不规则的决策边界绘制方法: kNN 算法也是分类算法,也有决策边界,只是它的决策边界不是一条直线。这种不规则边界可以用下面 plot_decision_boundary()函数来绘制:
def plot_decision_boundary(model, axis):
x0, x1 = np.meshgrid(
np.linspace(axis[0], axis[1], int((axis[1] - axis[0])*100)).reshape(-1, 1),
np.linspace(axis[2], axis[3], int((axis[3] - axis[2])*100)).reshape(-1, 1)
)
X_new = np.c_[x0.ravel(), x1.ravel()]
y_predict = model.predict(X_new)
zz = y_predict.reshape(x0.shape)
from matplotlib.colors import ListedColormap
custom_cmap = ListedColormap(['#EF9A9A', '#FFF59D', '#90CAF9'])
plt.contourf(x0, x1, zz, cmap=custom_cmap)
对于kNN 分类算法,使用默认n_neighbors时得到的决策边界如下:
from sklearn.neighbors import KNeighborsClassifier
knn_clf = KNeighborsClassifier()
knn_clf.fit(X, y)
plot_decision_boundary(knn_clf, axis=[4, 7.5, 1.5, 4.5])
plt.scatter(X[y==0, 0], X[y==0, 1], color='r')
plt.scatter(X[y==1, 0], X[y==1, 1], color='b')

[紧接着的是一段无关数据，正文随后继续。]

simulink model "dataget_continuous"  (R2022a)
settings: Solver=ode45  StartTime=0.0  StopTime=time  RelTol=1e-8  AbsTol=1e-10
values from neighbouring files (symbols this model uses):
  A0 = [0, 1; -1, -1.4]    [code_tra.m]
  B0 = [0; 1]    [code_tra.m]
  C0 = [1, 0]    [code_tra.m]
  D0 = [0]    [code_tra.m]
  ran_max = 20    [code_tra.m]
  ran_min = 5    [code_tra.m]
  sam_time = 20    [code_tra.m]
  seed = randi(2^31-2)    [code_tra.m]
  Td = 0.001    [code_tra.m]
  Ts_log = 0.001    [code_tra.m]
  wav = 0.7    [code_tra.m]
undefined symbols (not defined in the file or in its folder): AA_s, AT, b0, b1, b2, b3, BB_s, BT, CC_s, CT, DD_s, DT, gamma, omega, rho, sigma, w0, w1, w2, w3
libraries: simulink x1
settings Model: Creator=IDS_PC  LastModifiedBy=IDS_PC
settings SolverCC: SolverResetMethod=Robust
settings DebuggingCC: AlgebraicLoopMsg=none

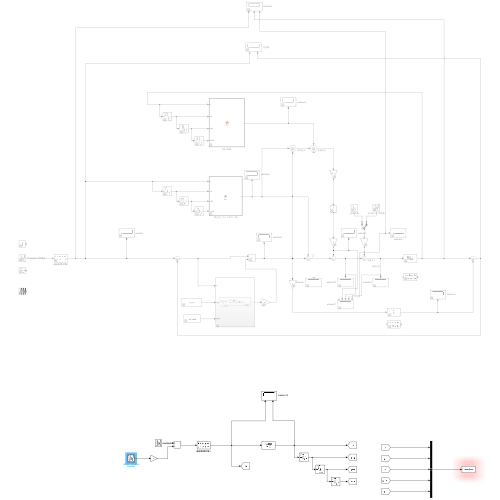
[thumbnail: Simulink's stored preview of the top-level diagram]
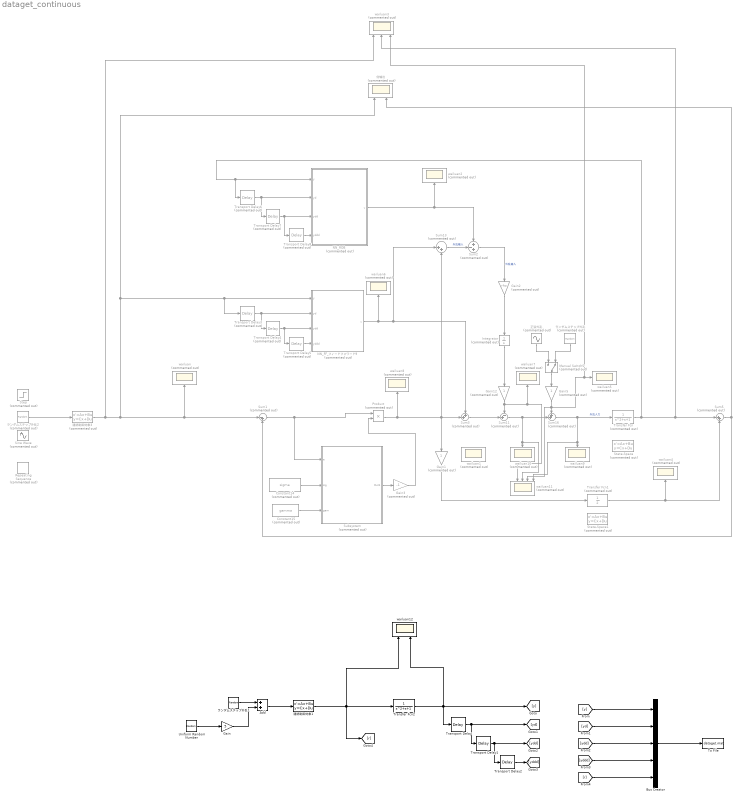
== system dataget_continuous ==
  " 正弦外乱" : Sin  Commented=on  Amplitude=wav  Bias=1  Frequency=omega  Phase=1  SampleTime=0
  Add : Sum
  Bus Creator : BusCreator  Inputs=5
  Constant14 : Constant  Commented=on  Value=sigma  SampleTime=0
  Constant15 : Constant  Commented=on  Value=gamma  SampleTime=0
  Gain : Gain  Gain=5
  Gain1 : Gain  Commented=on
  Gain12 : Gain  Commented=on
  Gain2 : Gain  Commented=on  Gain=rho
  Gain3 : Gain  Commented=on  Gain=-1
  Gain5 : Gain  Commented=on
  Integrator : Integrator  Commented=on
  Manual Switch5 : ManualSwitch  Commented=on  CurrentSetting=0
  NN_FF_フィードフォワード9 : MATLAB Function  Commented=on  TreatAsAtomicUnit=on
  NN_ROB : MATLAB Function  Commented=on  TreatAsAtomicUnit=on
  Product : Product  Commented=on
  Repeating Sequence : simulink/Sources/Repeating Sequence  Commented=on  rep_seq_t=[0 2]  rep_seq_y=[0 2]
  Sine Wave : Sin  Commented=on  SampleTime=0
  State-Space : StateSpace  Commented=on  A=AT  B=BT  C=CT  D=DT  InitialCondition=0
  State-Space1 : StateSpace  Commented=on  A=AA_s  B=BB_s  C=CC_s  D=DD_s  InitialCondition=0
  Step : Step  Commented=on  SampleTime=0
  Subsystem : Subsystem  Commented=on
  Sum1 : Sum  Commented=on  Inputs=|-+
  Sum11 : Sum  Commented=on  Inputs=-+|
  Sum13 : Sum  Commented=on  Inputs=|++
  Sum16 : Sum  Commented=on  Inputs=++|
  Sum2 : Sum  Commented=on  Inputs=+-+
  Sum3 : Sum  Commented=on  Inputs=++|
  Sum5 : Sum  Commented=on  Inputs=|++
  To File : ToFile  Filename=dataget.mat  MatrixName=dataget  SampleTime=Ts_log
  Transfer Fcn : TransferFcn  Commented=on  Denominator=[1 1 1]
  Transfer Fcn1 : TransferFcn  Commented=on  Denominator=[2]
  Transfer Fcn2 : TransferFcn  Denominator=[1 1 1]
  Transport Delay : TransportDelay  DelayTime=Td
  Transport Delay1 : TransportDelay  DelayTime=Td
  Transport Delay2 : TransportDelay  DelayTime=Td
  Transport Delay{3..8} (6 alike) : TransportDelay  Commented=on  DelayTime=Td
  Uniform Random Number : UniformRandomNumber  Minimum=-wav  Maximum=wav  Seed=seed+100  SampleTime=29
  wailuan{,1..2,4..10} (10 alike) : Scope  Commented=on
  wailuan11 : Scope  Commented=on  NumInputPorts=5
  wailuan12 : Scope  NumInputPorts=2
  wailuan3 : Scope  Commented=on  NumInputPorts=3
  ランダムステップ外乱 : UniformRandomNumber  Commented=on  Minimum=-wav  Maximum=wav  Seed=seed+5  SampleTime=32
  ランダムステップ外乱1 : UniformRandomNumber  Minimum=ran_min  Maximum=ran_max  Seed=seed  SampleTime=sam_time
  ランダムステップ外乱2 : UniformRandomNumber  Commented=on  Minimum=-5  Maximum=5  Seed=seed+5  SampleTime=32
  伪输出 : Scope  Commented=on  NumInputPorts=2
  連続制御対象1 : StateSpace  A=A0  B=B0  C=C0  D=D0  InitialCondition=0
  連続制御対象3 : StateSpace  Commented=on  A=A0  B=B0  C=C0  D=D0  InitialCondition=0
  wires:
  Sum16/1 -> Transfer Fcn/1, wailuan11/5, wailuan9/1  "外乱入力"
  Gain5/1 -> wailuan11/4, wailuan3/3, wailuan5/1, Sum16/1
  Manual Switch5/1 -> Gain5/1
  ランダムステップ外乱/1 -> Manual Switch5/2
  " 正弦外乱"/1 -> Manual Switch5/1
  Sum11/1 -> Sum16/2, wailuan11/3, wailuan10/1
  Gain12/1 -> Sum11/1, wailuan11/2, wailuan7/1
  Product/1 -> Gain1/1, Sum3/2, Sum13/2, wailuan8/1
  Transfer Fcn/1 -> wailuan3/2, Sum5/1, Transport Delay6/1, NN_ROB/1(y)
  連続制御対象3/1 -> wailuan3/1, Sum1/1, wailuan/1, 伪输出/1, Transport Delay3/1, NN_FF_フィードフォワード9/1(y)
  NN_FF_フィードフォワード9/1(v) -> Sum3/1, Sum13/1, wailuan6/1
  NN_ROB/1(v) -> Sum2/1, wailuan2/1
  Sum13/1 -> Sum2/2  "外乱输入"
  Gain2/1 -> Integrator/1
  Sum2/1 -> Gain2/1  "外乱输入"
  Integrator/1 -> Gain12/1
  Transport Delay5/1 -> NN_FF_フィードフォワード9/4(yddd)
  Transport Delay4/1 -> Transport Delay5/1, NN_FF_フィードフォワード9/3(ydd)
  Transport Delay3/1 -> Transport Delay4/1, NN_FF_フィードフォワード9/2(yd)
  Transport Delay8/1 -> NN_ROB/4(yddd)
  Transport Delay6/1 -> Transport Delay7/1, NN_ROB/2(yd)
  Transport Delay7/1 -> Transport Delay8/1, NN_ROB/3(ydd)
  Gain1/1 -> Transfer Fcn1/1
  Transfer Fcn1/1 -> Sum5/2, wailuan4/1
  ランダムステップ外乱2/1 -> 連続制御対象3/1
  Sum5/1 -> 伪输出/2, Sum1/2
  Sum1/1 -> Product/1, Subsystem/1(e)
  Constant14/1 -> Subsystem/2(sig)
  Constant15/1 -> Subsystem/3(gam)
  Subsystem/1(Out1) -> Gain3/1
  Gain3/1 -> Product/2
  Sum3/1 -> Sum11/2
  Bus Creator/1 -> To File/1
  連続制御対象1/1 -> Transfer Fcn2/1, wailuan12/1, [r]
  Transfer Fcn2/1 -> wailuan12/2, Transport Delay/1, [y]
  Add/1 -> 連続制御対象1/1
  Transport Delay/1 -> [yd], Transport Delay1/1
  Transport Delay1/1 -> Transport Delay2/1, [ydd]
  Transport Delay2/1 -> [yddd]
  [y] -> Bus Creator/1
  [yd] -> Bus Creator/2
  [ydd] -> Bus Creator/3
  [yddd] -> Bus Creator/4
  [r] -> Bus Creator/5
  ランダムステップ外乱1/1 -> Add/1
  Uniform Random Number/1 -> Gain/1
  Gain/1 -> Add/2

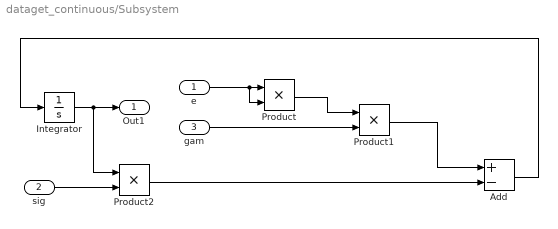
== system dataget_continuous/Subsystem ==
  e : Inport
  sig : Inport  Port=2
  gam : Inport  Port=3
  Add : Sum  Inputs=+-
  Integrator : Integrator  UpperSaturationLimit=999999999999999999  LowerSaturationLimit=-9999999999999999
  Product : Product
  Product1 : Product
  Product2 : Product
  Out1 : Outport
  wires:
  e/1 -> Product/2, Product/1
  Product/1 -> Product1/1
  gam/1 -> Product1/2
  Integrator/1 -> Product2/1, Out1/1
  sig/1 -> Product2/2
  Product2/1 -> Add/2
  Product1/1 -> Add/1
  Add/1 -> Integrator/1

== matlab function dataget_continuous/NN_ROB ==
  data: y input; yd input; ydd input; yddd input; v output; w0 parameter; w1 parameter; w2 parameter; w3 parameter; b0 parameter; b1 parameter; b2 parameter; b3 parameter
function v = fcn(y, yd, ydd, yddd, w0, w1, w2, w3, b0, b1, b2, b3)

    x = [yddd, ydd, yd, y];
    x = x.';

    s1= (transpose(w0)) * x + b0;
    x1= max(0,s1);     %relu 
    s2= (transpose(w1)) * x1 + b1;
    x2= max(0,s2);     %relu
    s3= (transpose(w2)) * x2 + b2;
    x3= max(0,s3);     %relu
    s4= (transpose(w3)) * x3 + b3;

v=s4;

== matlab function dataget_continuous/NN_FF_フィードフォワード9 ==
  data: y input; yd input; ydd input; yddd input; v output; w0 parameter; w1 parameter; w2 parameter; w3 parameter; b0 parameter; b1 parameter; b2 parameter; b3 parameter
function v = fcn(y, yd, ydd, yddd, w0, w1, w2, w3, b0, b1, b2, b3)

    x = [yddd, ydd, yd, y];
    x = x.';

    s1= (transpose(w0)) * x + b0;
    x1= max(0,s1);     %relu 
    s2= (transpose(w1)) * x1 + b1;
    x2= max(0,s2);     %relu
    s3= (transpose(w2)) * x2 + b2;
    x3= max(0,s3);     %relu
    s4= (transpose(w3)) * x3 + b3;

v=s4;

如果用2维特征样本分类3种鸢尾花, 使用默认n_neighbors, 过拟合明显:
X = iris.data[:, :2]
y = iris.target
knn_clf_all = KNeighborsClassifier()
knn_clf_all.fit(X, y)
plot_decision_boundary(knn_clf_all, axis=[4, 8, 1.5, 4.5])
plt.scatter(X[y==0, 0], X[y==0, 1])
plt.scatter(X[y==1, 0], X[y==1, 1])
plt.scatter(X[y==2, 0], X[y==2, 1])
当我们将n_neighbors增大到50时:
knn_clf_50 = KNeighborsClassifier(n_neighbors = 50)
knn_clf_50.fit(X, y)
plot_decision_boundary(knn_clf_50, axis=[4, 8, 1.5, 4.5])
plt.scatter(X[y==0, 0], X[y==0, 1])
plt.scatter(X[y==1, 0], X[y==1, 1])
plt.scatter(X[y==2, 0], X[y==2, 1])
结论: 对于kNN算法,k的值越大,模型越简单,越不容易过拟合。